= YOUR ASSIGNMENT =
Determine how many lines in the listing below include "ARIALN", and answer with only that number.

>>>>

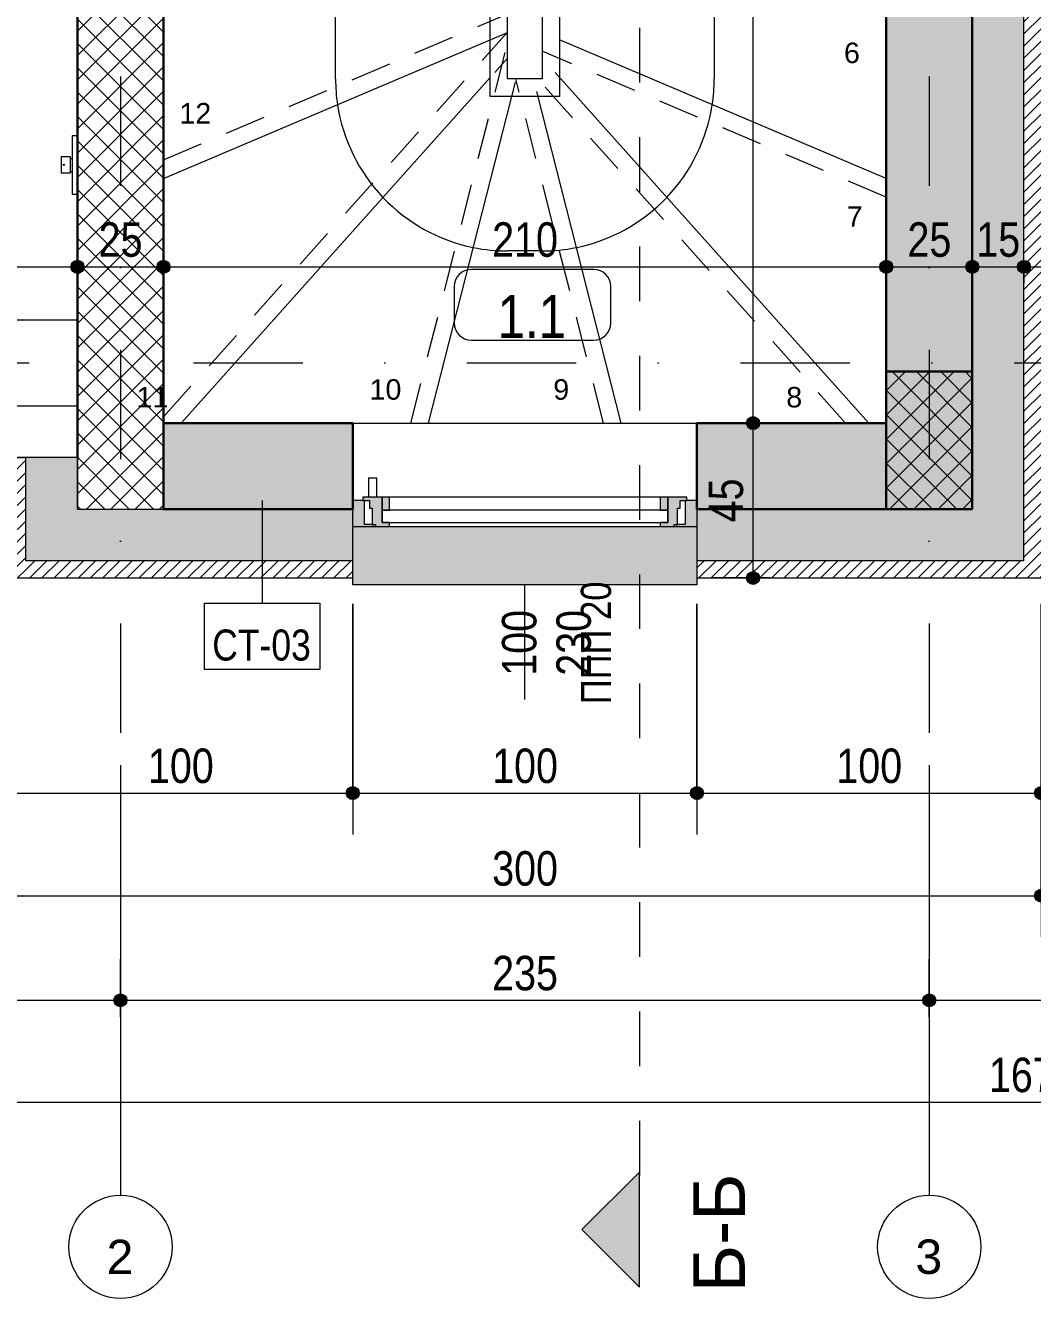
# Model space of a CAD drawing. Header units: centimetres. Extents: x -78 to 2009, y -1466 to 320.
# Drawn here: x 669 to 961.6, y -1465.9 to -1096.1 of the extents above; entities that cross this region are included whole.
import ezdxf

# ---------------------------------------------------------------- set-up
doc = ezdxf.new("R2010")
doc.units = ezdxf.units.CM
for name, pattern in [('Dash', [31.75, 15.875, -15.875]), ('Dash dot', [79.375, 31.75, -23.8125, 0, -23.8125]), ('Overhead', [19.84375, 11.90625, -7.9375])]:
    doc.linetypes.add(name, pattern=pattern)
for name, color, linetype, lineweight in [('A-ANNO-DIMS', 7, 'Continuous', 9), ('A-ANNO-DIMS-50', 7, 'Continuous', 9), ('A-AREA-IDEN', 7, 'Continuous', 9), ('A-DETL-MBND', 7, 'Continuous', 9), ('A-FLOR', 7, 'Continuous', 9), ('A-FLOR-HRAL', 7, 'Continuous', 9), ('A-FLOR-OVHD', 7, 'Overhead', 9), ('A-GLAZ', 7, 'Continuous', 5), ('A-GLAZ-IDEN', 7, 'Continuous', 9), ('A-WALL', 7, 'Continuous', 9), ('A-WALL-FNSH', 7, 'Continuous', 9), ('A-WALL-IDEN', 7, 'Continuous', 9), ('A-WALL-PATT', 7, 'Continuous', 9), ('G-ANNO-SYMB', 7, 'Continuous', 9), ('P-SANR-FIXT', 7, 'Continuous', 9), ('S-COLS', 7, 'Continuous', 9), ('S-GRID', 7, 'Continuous', 9), ('S-GRID-IDEN', 7, 'Continuous', 9), ('S-STRS', 7, 'Continuous', 9), ('S-STRS-ANNO', 7, 'Continuous', 9)]:
    doc.layers.add(name, color=color, linetype=linetype, lineweight=lineweight)
doc.styles.add('Arial', font='arial.ttf', dxfattribs={"height": 5.953125})
doc.styles.add('Arial Narrow', font='ARIALN.TTF', dxfattribs={"height": 12.5})
doc.styles.add('Arial Narrow_1', font='ARIALN.TTF', dxfattribs={"height": 10})
doc.styles.add('Arial Narrow_2', font='ARIALN.TTF', dxfattribs={"height": 8.75})
doc.styles.add('Arial Narrow_3', font='ARIALN.TTF', dxfattribs={"height": 10})
doc.styles.add('Arial Narrow_5', font='ARIALN.TTF', dxfattribs={"height": 9})
doc.styles.add('Arial_1', font='arial.ttf', dxfattribs={"height": 10})
doc.styles.add('Arial_2', font='arial.ttf', dxfattribs={"height": 15})
doc.dimstyles.new('TEC_DIM', dxfattribs={"dimscale": 30.48, "dimtxt": 10.23431, "dimasz": 0.492126, "dimexe": 0.393701, "dimexo": 0.246063, "dimgap": 0, "dimtad": 1, "dimdec": 0, "dimzin": 0, "dimdsep": 46, "dimtxsty": 'Arial Narrow_3', "dimblk1": 'DOTSMALL', "dimblk2": 'DOTSMALL', "dimsah": 1, "dimcen": 0.09, "dimazin": 0, "dimtfac": 1, "dimtdec": 4, "dimtix": 1, "dimtmove": 0, "dimatfit": 3, "dimfxl": 0, "dimtvp": 1, "dimtolj": 1, "dimtzin": 0, "dimarcsym": 0})
pattern_1 = [(45, (0, 0), (-1.767767, 1.767767), [])]
pattern_2 = [(45, (0, 0), (-3.535534, 3.535534), []), (135, (0, 0), (-3.535534, -3.535534), [])]

# ---------------------------------------------------------------- blocks, each defined once
blk = doc.blocks.new('SINGLE - OK - 100x220-2452613-НИВО 1')
at = {"layer": 'A-GLAZ', "true_color": 0xc0c0c0}
h = blk.add_hatch(color=9, dxfattribs=at)
h.paths.add_polyline_path([(-44.1, 7.5), (-50, 7.5), (-50, 0), (-46.6, 0), (-46.6, 6.95), (-44.1, 6.95)])
h.paths.add_polyline_path([(50, 7.5), (44.1, 7.5), (44.1, 6.95), (46.6, 6.95), (46.6, 0), (50, 0), (50, 2.5)])
h = blk.add_hatch(color=9, dxfattribs=at)
h.paths.add_polyline_path([(-43.4, 7.5), (-43.4, 6.95), (-44.38, 6.95), (-44.38, 2.18), (-45.1, 2.18), (-45.1, 0), (-47.1, 0), (-47.1, -1), (-41.5, -1), (-41.5, 6.4), (-39.3, 6.4), (-39.3, 7.5)])
h.paths.add_polyline_path([(39.3, 7.5), (39.3, 6.4), (41.5, 6.4), (41.5, -1), (47.1, -1), (47.1, 0), (45.1, 0), (45.1, 2.18), (44.38, 2.18), (44.38, 6.95), (43.4, 6.95), (43.4, 7.5)])
h = blk.add_hatch(color=9, dxfattribs=at)
h.paths.add_polyline_path([(-41.5, 2.8), (-41.5, -1), (-39.3, -1), (-39.3, 2.8)])
h.paths.add_polyline_path([(39.3, 2.8), (39.3, -1), (41.5, -1), (41.5, 2.8)])
at = {"layer": 'A-GLAZ'}
for p, q in [((-44.1, 7.5), (-50, 7.5)), ((-43.4, 7.5), (-44.1, 7.5)), ((-44.1, 6.95), (-44.1, 7.5)), ((-39.3, 7.5), (-43.4, 7.5)), ((-43.4, 7.5), (-43.4, 6.95)), ((39.3, 7.5), (-39.3, 7.5)), ((-39.3, 6.4), (-39.3, 7.5)), ((43.4, 7.5), (39.3, 7.5)), ((39.3, 7.5), (39.3, 6.4)), ((43.4, 6.95), (43.4, 7.5)), ((44.1, 7.5), (43.4, 7.5)), ((50, 7.5), (44.1, 7.5)), ((44.1, 7.5), (44.1, 6.95)), ((-46.6, 0), (-46.6, 6.95)), ((-46.6, 6.95), (-44.1, 6.95)), ((-43.4, 6.95), (-44.38, 6.95)), ((-44.38, 6.95), (-44.38, 2.18)), ((41.5, 6.4), (-41.5, 6.4)), ((-41.5, 6.4), (-41.5, 2.8)), ((-41.5, -1), (-41.5, 6.4)), ((-41.5, 6.4), (-39.3, 6.4)), ((39.3, 6.4), (41.5, 6.4)), ((41.5, 2.8), (41.5, 6.4)), ((41.5, 6.4), (41.5, -1)), ((44.38, 6.95), (43.4, 6.95)), ((44.1, 6.95), (46.6, 6.95)), ((44.38, 2.18), (44.38, 6.95)), ((46.6, 6.95), (46.6, 0)), ((-50, 0), (-46.6, 0)), ((-45.1, 0), (-47.1, 0)), ((-47.1, 0), (-47.1, -1)), ((-44.38, 2.18), (-45.1, 2.18)), ((-45.1, 2.18), (-45.1, 0)), ((-41.5, 2.8), (41.5, 2.8)), ((-39.3, 2.8), (-41.5, 2.8)), ((-41.5, 2.8), (-41.5, -1)), ((-39.3, -1), (-39.3, 2.8)), ((39.3, 2.8), (39.3, -1)), ((41.5, 2.8), (39.3, 2.8)), ((41.5, -1), (41.5, 2.8)), ((45.1, 2.18), (44.38, 2.18)), ((45.1, 0), (45.1, 2.18)), ((47.1, 0), (45.1, 0)), ((46.6, 0), (50, 0)), ((47.1, -1), (47.1, 0)), ((-47.1, -1), (-41.5, -1)), ((-41.5, -1), (-39.3, -1)), ((-39.3, -1), (39.3, -1)), ((39.3, -1), (41.5, -1)), ((41.5, -1), (43.05, -1)), ((43.05, -1), (43.05, -5.35)), ((43.05, -1), (45.45, -1)), ((45.45, -5.35), (45.45, -1)), ((45.45, -1), (47.1, -1)), ((43.05, -5.35), (43.05, -6.6)), ((45.45, -6.6), (43.05, -6.6)), ((45.45, -6.6), (45.45, -5.35))]:
    blk.add_line(p, q, dxfattribs=at)
blk = doc.blocks.new('Railing - Railing-2455743-НИВО 1')
at = {"layer": 'A-FLOR-HRAL'}
for p, q in [((804.06, -939.1), (809.14, -939.1)), ((804.06, -1109.74), (804.06, -939.1)), ((809.14, -1109.74), (809.14, -939.1)), ((819.14, -939.1), (819.14, -1109.74)), ((824.22, -939.1), (824.22, -1109.74)), ((804.06, -1116.67), (804.06, -1109.74)), ((809.14, -1111.59), (809.14, -1109.74)), ((819.14, -1111.59), (809.14, -1111.59)), ((819.14, -1109.74), (819.14, -1111.59)), ((824.22, -1109.74), (824.22, -1116.67)), ((807.53, -1116.67), (804.06, -1116.67)), ((820.76, -1116.67), (807.53, -1116.67)), ((824.22, -1116.67), (820.76, -1116.67))]:
    blk.add_line(p, q, dxfattribs=at)
blk = doc.blocks.new('TEC - ДУШ КАБИНА - ДУШ 107x90 пита-2380437-НИВО 1')
at = {"layer": 'A-DETL-MBND'}
for p, q in [((107, -45), (107, 45)), ((0, -45), (107, -45))]:
    blk.add_line(p, q, dxfattribs=at)
at = {"layer": 'P-SANR-FIXT'}
for p, q in [((20, 45), (0, 45)), ((20, 45), (0, 45)), ((23.87, 11.5), (23.87, -13.5)), ((48.87, 11.5), (23.87, 11.5)), ((48.87, -13.5), (48.87, 11.5)), ((1.5, 8.5), (0, 8.5)), ((1.5, -8.5), (1.5, 8.5)), ((2.05, 1.9), (1.5, 1.9)), ((2.05, 2.31), (2.05, -2.31)), ((4.76, 2.31), (2.05, 2.31)), ((4.76, -2.31), (4.76, 2.31)), ((2.05, -1.9), (1.5, -1.9)), ((2.05, -2.31), (4.76, -2.31)), ((0, -8.5), (1.5, -8.5)), ((23.87, -13.5), (48.87, -13.5))]:
    blk.add_line(p, q, dxfattribs=at)
for centre, radius in [((28.7, 11.19), 0.22), ((35.26, 11.19), 0.22), ((39.95, 11.19), 0.22), ((44.34, 11.19), 0.22), ((24.17, 9.2), 0.22), ((25.77, 10.52), 0.22), ((26.93, 8.93), 0.22), ((28.03, 9.59), 0.22), ((28.26, 7.6), 0.22), ((29.85, 7.6), 0.22), ((30.85, 9.59), 0.22), ((33.39, 10.19), 0.22), ((34.49, 8.21), 0.22), ((35.43, 9.2), 0.22), ((37.03, 10.52), 0.22), ((38.19, 8.93), 0.22), ((39.29, 9.59), 0.22), ((39.51, 7.6), 0.22), ((41.11, 7.6), 0.22), ((42.1, 9.59), 0.22), ((42.47, 10.19), 0.22), ((43.57, 8.21), 0.22), ((44.51, 9.2), 0.22), ((46.11, 10.52), 0.22), ((47.26, 8.93), 0.22), ((48.37, 9.59), 0.22), ((48.59, 7.6), 0.22), ((24.23, 6.5), 0.22), ((24.62, 4.02), 0.22), ((27.04, 6.94), 0.22), ((29.96, 5.84), 0.22), ((31.12, 6.12), 0.22), ((32.89, 5.29), 0.22), ((33, 4.52), 0.22), ((34.33, 6.39), 0.22), ((34.93, 5.07), 0.22), ((35.48, 6.5), 0.22), ((35.87, 4.02), 0.22), ((38.3, 6.94), 0.22), ((41.22, 5.84), 0.22), ((42.08, 4.52), 0.22), ((42.38, 6.12), 0.22), ((43.4, 6.39), 0.22), ((44.01, 5.07), 0.22), ((44.14, 5.29), 0.22), ((44.56, 6.5), 0.22), ((44.95, 4.02), 0.22), ((47.37, 6.94), 0.22), ((53.5, -0.5), 4.5), ((3.95, 0), 0.19), ((24.56, 2.59), 0.22), ((24.56, 0.93), 0.22), ((26.16, 2.59), 0.22), ((27.76, 1.16), 0.22), ((27.98, 2.53), 0.22), ((29.52, 0.77), 0.22), ((30.13, 3.41), 0.22), ((30.85, 2.04), 0.22), ((31.84, 3.47), 0.22), ((31.84, 0.38), 0.22), ((32.84, 1.21), 0.22), ((33.28, 0.05), 0.22), ((35.04, 3.41), 0.22), ((35.81, 2.59), 0.22), ((35.81, 0.93), 0.22), ((37.41, 2.59), 0.22), ((39.01, 1.16), 0.22), ((39.23, 2.53), 0.22), ((40.78, 0.77), 0.22), ((41.38, 3.41), 0.22), ((41.92, 1.21), 0.22), ((42.1, 2.04), 0.22), ((42.36, 0.05), 0.22), ((43.09, 3.47), 0.22), ((43.09, 0.38), 0.22), ((44.12, 3.41), 0.22), ((44.89, 2.59), 0.22), ((44.89, 0.93), 0.22), ((46.49, 2.59), 0.22), ((48.09, 1.16), 0.22), ((48.31, 2.53), 0.22), ((24.01, -0.35), 0.22), ((24.17, -2.33), 0.22), ((25.11, -0.39), 0.22), ((25.77, -1.01), 0.22), ((26.93, -2.61), 0.22), ((27.76, -1.49), 0.22), ((28.03, -1.94), 0.22), ((28.7, -0.35), 0.22), ((29.14, -1.49), 0.22), ((30.35, -1.49), 0.22), ((30.85, -1.95), 0.22), ((32.39, -1.49), 0.22), ((33.39, -1.34), 0.22), ((34.49, -3.32), 0.22), ((35.26, -0.35), 0.22), ((35.43, -2.33), 0.22), ((36.37, -0.39), 0.22), ((37.03, -1.01), 0.22), ((38.19, -2.61), 0.22), ((39.01, -1.49), 0.22), ((39.29, -1.94), 0.22), ((39.95, -0.35), 0.22), ((40.39, -1.49), 0.22), ((41.6, -1.49), 0.22), ((42.1, -1.95), 0.22), ((42.47, -1.34), 0.22), ((43.57, -3.32), 0.22), ((43.65, -1.49), 0.22), ((44.34, -0.35), 0.22), ((44.51, -2.33), 0.22), ((45.44, -0.39), 0.22), ((46.11, -1.01), 0.22), ((47.26, -2.61), 0.22), ((48.09, -1.49), 0.22), ((48.37, -1.94), 0.22), ((24.23, -5.03), 0.22), ((24.62, -7.51), 0.22), ((27.04, -4.59), 0.22), ((28.26, -3.93), 0.22), ((29.85, -3.93), 0.22), ((29.96, -5.69), 0.22), ((31.12, -5.42), 0.22), ((32.89, -6.24), 0.22), ((33, -7.01), 0.22), ((34.33, -5.14), 0.22), ((34.93, -6.46), 0.22), ((35.48, -5.03), 0.22), ((35.87, -7.51), 0.22), ((38.3, -4.59), 0.22), ((39.51, -3.93), 0.22), ((41.11, -3.93), 0.22), ((41.22, -5.69), 0.22), ((42.08, -7.01), 0.22), ((42.38, -5.42), 0.22), ((43.4, -5.14), 0.22), ((44.01, -6.46), 0.22), ((44.14, -6.24), 0.22), ((44.56, -5.03), 0.22), ((44.95, -7.51), 0.22), ((47.37, -4.59), 0.22), ((48.59, -3.93), 0.22), ((24.56, -8.94), 0.22), ((24.56, -10.6), 0.22), ((26.16, -8.94), 0.22), ((27.76, -10.38), 0.22), ((27.98, -9), 0.22), ((29.52, -10.76), 0.22), ((30.13, -8.12), 0.22), ((30.85, -9.5), 0.22), ((31.84, -8.06), 0.22), ((31.84, -11.15), 0.22), ((32.84, -10.32), 0.22), ((35.04, -8.12), 0.22), ((35.81, -8.94), 0.22), ((35.81, -10.6), 0.22), ((37.41, -8.94), 0.22), ((39.01, -10.38), 0.22), ((39.23, -9), 0.22), ((40.78, -10.76), 0.22), ((41.38, -8.12), 0.22), ((41.92, -10.32), 0.22), ((42.1, -9.5), 0.22), ((43.09, -8.06), 0.22), ((43.09, -11.15), 0.22), ((44.12, -8.12), 0.22), ((44.89, -8.94), 0.22), ((44.89, -10.6), 0.22), ((46.49, -8.94), 0.22), ((48.09, -10.38), 0.22), ((48.31, -9), 0.22), ((25.11, -11.92), 0.22), ((27.76, -13.02), 0.22), ((29.14, -13.02), 0.22), ((30.35, -13.02), 0.22), ((32.39, -13.02), 0.22), ((33.28, -11.48), 0.22), ((36.37, -11.92), 0.22), ((39.01, -13.02), 0.22), ((40.39, -13.02), 0.22), ((41.6, -13.02), 0.22), ((42.36, -11.48), 0.22), ((43.65, -13.02), 0.22), ((45.44, -11.92), 0.22), ((48.09, -13.02), 0.22)]:
    blk.add_circle(centre, radius, dxfattribs=at)
for centre, start, end in [((24.01, 11.19), 229.8884, 130.1116), ((49.03, 11.19), 137.3417, 222.6583), ((23.68, 5.07), 329.3889, 30.6111), ((23.79, 3.41), 290.8766, 69.1234), ((49.03, -0.35), 137.3417, 222.6583), ((23.68, -6.46), 329.3889, 30.6111), ((23.79, -8.12), 290.8766, 69.1234)]:
    blk.add_arc(centre, 0.22, start, end, dxfattribs=at)
blk = doc.blocks.new('Grid - TEC_GRID_CIRCLE-145857-НИВО 1')
at = {"layer": 'S-GRID-IDEN'}
blk.add_circle((0, 0), 0.3, dxfattribs=at)
blk = doc.blocks.new('TEC_ROOM_TAG - TEC_ROOM_TAG-32046-НИВО 1')
at = {"layer": 'A-AREA-IDEN'}
for p, q in [((0.3718, 0.1968), (-0.3391, 0.1968)), ((-0.4391, 0.0968), (-0.4391, -0.1143)), ((0.4718, -0.1143), (0.4718, 0.0968)), ((-0.3391, -0.2143), (0.3718, -0.2143))]:
    blk.add_line(p, q, dxfattribs=at)
for centre, start, end in [((-0.3391, 0.0968), 90, 180), ((0.3718, 0.0968), 360, 90), ((-0.3391, -0.1143), 180, 270), ((0.3718, -0.1143), 270, 360)]:
    blk.add_arc(centre, 0.1, start, end, dxfattribs=at)
blk = doc.blocks.new('Section - TEC_SECTION-13048-НИВО 1')
at = {"layer": 'G-ANNO-SYMB'}
blk.add_hatch(color=256, dxfattribs=at).paths.add_polyline_path([(0, 0.334), (0.334, 0), (-0.334, 0)])
for p, q in [((0, 0.334), (-0.334, 0)), ((0.334, 0), (0, 0.334)), ((-0.334, 0), (0.334, 0))]:
    blk.add_line(p, q, dxfattribs=at)
blk = doc.blocks.new('TEC_WINDOW_TAG - TEC_WINDOW_TAG-140038-НИВО 1')
at = {"layer": 'A-GLAZ-IDEN'}
blk.add_line((0, -0.3346), (0, 0.3346), dxfattribs=at)
blk = doc.blocks.new('DIMBLOCK47-НИВО 1')
at = {"layer": 'A-ANNO-DIMS-50', "transparency": 16777216}
h = blk.add_hatch(color=256, dxfattribs=at)
edge = h.paths.add_edge_path()
edge.add_arc((236.64, -1379.28), 1.88, 0, 360)
h = blk.add_hatch(color=256, dxfattribs=at)
edge = h.paths.add_edge_path()
edge.add_arc((696.64, -1379.28), 1.88, 0, 360)
for p, q in [((236.64, -1384.13), (236.64, -1367.28)), ((696.64, -1384.13), (696.64, -1367.28)), ((236.64, -1379.28), (696.64, -1379.28)), ((236.64, -1379.28), (236.64, -1384.13)), ((696.64, -1379.28), (696.64, -1384.13))]:
    blk.add_line(p, q, dxfattribs=at)
for centre in [(236.64, -1379.28), (696.64, -1379.28)]:
    blk.add_circle(centre, 1.88, dxfattribs=at)
at = {"layer": 'A-ANNO-DIMS-50', "color": 0, "transparency": 16777216, "insert": (457.14, -1366.36), "char_height": 10, "width": 22.8079, "attachment_point": 1, "line_spacing_factor": 0.974696, "style": 'Arial Narrow_3'}
blk.add_mtext('460', dxfattribs=at)
blk = doc.blocks.new('_DotSmall')
at = {"color": 0, "linetype": 'ByBlock', "const_width": 0.5}
blk.add_lwpolyline([(-0.0625, 0, 1), (0.0625, 0, 1)], format="xyb", close=True, dxfattribs=at)
blk = doc.blocks.new('DIMBLOCK48-НИВО 1')
at = {"layer": 'A-ANNO-DIMS-50', "transparency": 16777216}
h = blk.add_hatch(color=256, dxfattribs=at)
edge = h.paths.add_edge_path()
edge.add_arc((696.64, -1379.28), 1.88, 0, 360)
h = blk.add_hatch(color=256, dxfattribs=at)
edge = h.paths.add_edge_path()
edge.add_arc((931.64, -1379.28), 1.88, 0, 360)
for p, q in [((696.64, -1384.13), (696.64, -1367.28)), ((931.64, -1384.13), (931.64, -1367.28)), ((696.64, -1379.28), (931.64, -1379.28)), ((696.64, -1379.28), (696.64, -1384.13)), ((931.64, -1379.28), (931.64, -1384.13))]:
    blk.add_line(p, q, dxfattribs=at)
for centre in [(696.64, -1379.28), (931.64, -1379.28)]:
    blk.add_circle(centre, 1.88, dxfattribs=at)
at = {"layer": 'A-ANNO-DIMS-50', "color": 0, "transparency": 16777216, "insert": (804.64, -1366.36), "char_height": 10, "width": 22.8079, "attachment_point": 1, "line_spacing_factor": 0.974696, "style": 'Arial Narrow_3'}
blk.add_mtext('235', dxfattribs=at)
blk = doc.blocks.new('DIMBLOCK49-НИВО 1')
at = {"layer": 'A-ANNO-DIMS-50', "transparency": 16777216}
h = blk.add_hatch(color=256, dxfattribs=at)
edge = h.paths.add_edge_path()
edge.add_arc((931.64, -1379.28), 1.88, 0, 360)
h = blk.add_hatch(color=256, dxfattribs=at)
edge = h.paths.add_edge_path()
edge.add_arc((1351.64, -1379.28), 1.88, 0, 360)
for p, q in [((931.64, -1384.13), (931.64, -1367.28)), ((1351.64, -1384.13), (1351.64, -1367.28)), ((931.64, -1379.28), (1351.64, -1379.28)), ((931.64, -1379.28), (931.64, -1384.13)), ((1351.64, -1379.28), (1351.64, -1384.13))]:
    blk.add_line(p, q, dxfattribs=at)
for centre in [(931.64, -1379.28), (1351.64, -1379.28)]:
    blk.add_circle(centre, 1.88, dxfattribs=at)
at = {"layer": 'A-ANNO-DIMS-50', "color": 0, "transparency": 16777216, "insert": (1132.14, -1366.36), "char_height": 10, "width": 22.8079, "attachment_point": 1, "line_spacing_factor": 0.974696, "style": 'Arial Narrow_3'}
blk.add_mtext('420', dxfattribs=at)
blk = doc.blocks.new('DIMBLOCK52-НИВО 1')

<<<<

= THE COMPLETED TASK =
5